Configure streaming ingestion

Streaming ingestion jobs in Imply Polaris consume data from a constantly growing stream, such as a stream of one or more Kafka topics. In the ingestion job, you control the point in the stream where Polaris starts consuming data, as well as the acceptable time range for incoming events. This topic shows you how to select and reset where Polaris reads from the stream as well as how to restrict the time range for incoming data.

tip

Add data to your topic or stream before creating an ingestion job. The Polaris UI samples your data and detects the input schema, so you don't have to enter it manually.

To learn how to create an ingestion job, see Create an ingestion job.

Select offset for streaming ingestion

The offset controls where Polaris starts to consume data from a stream, whether from the earliest or latest point of a stream. When creating a streaming job, you select the offset in the Map source to table step of the ingestion job. Select one of the following offset options:

  • Beginning: Ingest all existing data. Note that Polaris only ingests events whose timestamps are within the last 30 days.
    You can override this period by changing the late message rejection period.
  • End: (default) Ingest events that arrive after creating the ingestion job.

The following screenshot shows the offset selection for a table:

Ingestion job streaming offset

The following diagrams show how the starting offset setting affects the ingestion of data added to a stream before and after starting an ingestion job:

Reset streaming job offset

For a given table and topic or stream, Polaris preserves the reading checkpoint of the topic or stream. If the same topic or stream is used in a new connection or new ingestion jobs, the reading checkpoint is still maintained for the table. Polaris only resets the reading checkpoint when the table has a new streaming ingestion job that reads from a different topic or stream.

You may reset the reading checkpoint to restart the streaming ingestion from your selected offset. The reset only applies to streaming ingestion jobs that are currently running.

caution

When you reset the offset, the ingestion job may omit or duplicate data from the stream.

  • If you select the end offset then reset the job, Polaris ingests data from the end of the stream, but may skip data that entered the stream before you applied the reset. This may result in missing data. Consider a batch ingestion job to backfill any missing data.
  • Conversely, if you select the beginning offset then reset the job, Polaris ingests data from the start of the stream, but may ingest data that has previously been ingested. This may cause data to be duplicated. Consider a replace data job to overwrite the time period with duplicate data with the correct data.

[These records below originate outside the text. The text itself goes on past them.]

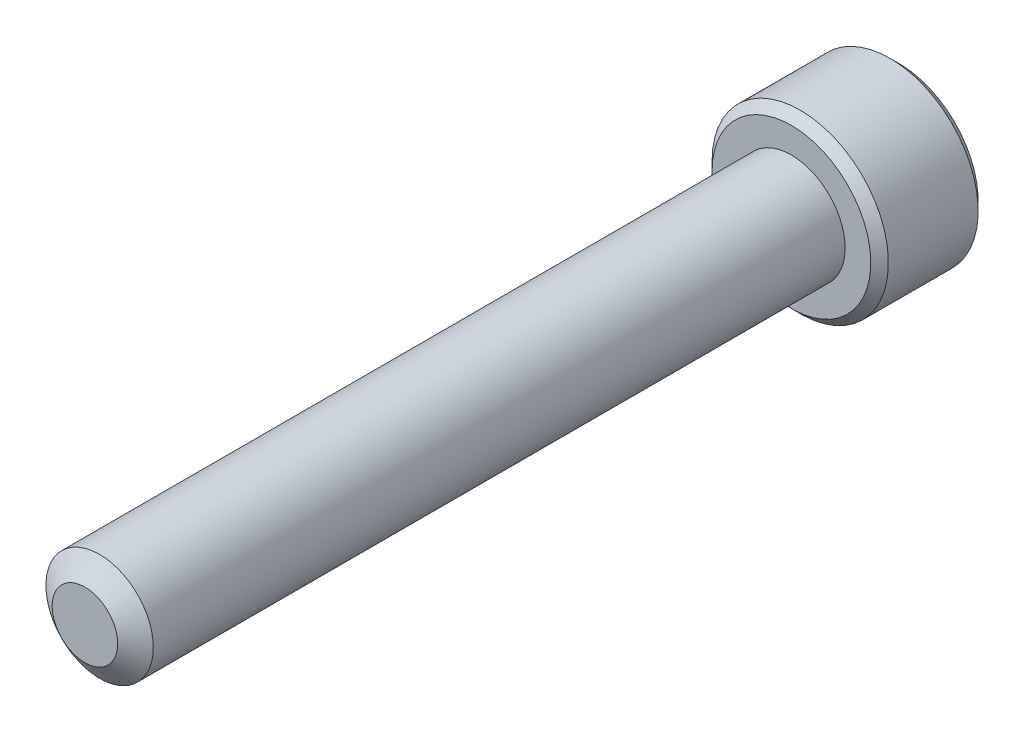
from build123d import *

# Parameters (mm, degrees)
SKETCH1_R          = 2.413
EXTRUDE1_DEPTH     = 31.75
SKETCH6_R          = 3.9624
EXTRUDE2_DEPTH     = 4.826
CUT_EXTRUDE1_DEPTH = 2.9765625
CHAMFER1_SIZE      = 0.39624


with BuildPart() as part:
    # Sketch1 → Extrude1 (new body)
    with BuildSketch(Plane.XY):
        Circle(SKETCH1_R)
    extrude(amount=-EXTRUDE1_DEPTH)

    # Sketch4 → Cut-Revolve1 (revolve, cut)
    with BuildSketch(Plane(origin=(0, 0, 0), x_dir=(0, 0, -1), z_dir=(1, 0, 0))):
        Polygon((0.659180743, 2.413), (0, 1.471592336), (0, 2.413), align=None)
    revolve(axis=Axis((0, 0, 0), (0, 0, -1)), mode=Mode.SUBTRACT)

    # Sketch6 → Extrude2 (add)
    with BuildSketch(Plane(origin=(0, 0, -31.75), x_dir=(-1, 0, 0), z_dir=(0, 0, -1))):
        Circle(SKETCH6_R)
    extrude(amount=EXTRUDE2_DEPTH)

    # Sketch7 → Cut-Extrude1 (cut)
    with BuildSketch(Plane(origin=(0, 0, -36.576), x_dir=(-1, 0, 0), z_dir=(0, 0, -1))):
        Polygon((0, 2.291358881), (-1.984375, 1.14567944), (-1.984375, -1.14567944), (0, -2.291358881), (1.984375, -1.14567944), (1.984375, 1.14567944), align=None)
    extrude(amount=-CUT_EXTRUDE1_DEPTH, mode=Mode.SUBTRACT)

    # Cut-Extrude2 cone 1 section (through the dimple's axis) → Cut-Extrude2 (revolve, cut)
    with BuildSketch(Plane(origin=(0, 0, -36.576), x_dir=(0, 1, 0), z_dir=(1, 0, 0))):
        Polygon((0, 0), (2.291358881, 0), (0, 2.291358881), align=None)
    revolve(axis=Axis((0, 0, -36.576), (0, 0, 1)), mode=Mode.SUBTRACT)

    # Chamfer1
    chamfer1_edges = [part.edges().sort_by_distance(p)[0] for p in [
        (3.9624, 0, -36.576),
        (3.9624, 0, -31.75),
    ]]
    chamfer(chamfer1_edges, length=CHAMFER1_SIZE)


solid = part.part

To reset the offset, do the following:

  1. Navigate to the Jobs page from the left navigation pane.
  2. Open the job you want to reset.
  3. Select Reset offset.
  4. Polaris displays a confirmation dialog and includes the offset declared in the job. Click Reset confirmation to confirm your choice.

After the reset, Polaris ingests streaming data from either the earliest or latest point of the stream.

To use the API to reset the offset, see Reset streaming job offset by API.

Reject early or late data

You can set early or late message rejection periods to reject data that arrives earlier or later than a given period, relative to the current time. By default, Polaris does not ingest data older than 30 days and data that's more than 2000 days into the future. Select Filter from the menu bar to set these periods.

For example, to avoid ingesting data older than 14 days, set the period as follows:

Streaming late message rejection

Note that the period for filtering out late data overrides the default event timestamp requirement.

For additional details on filtering data, see Filter data to ingest.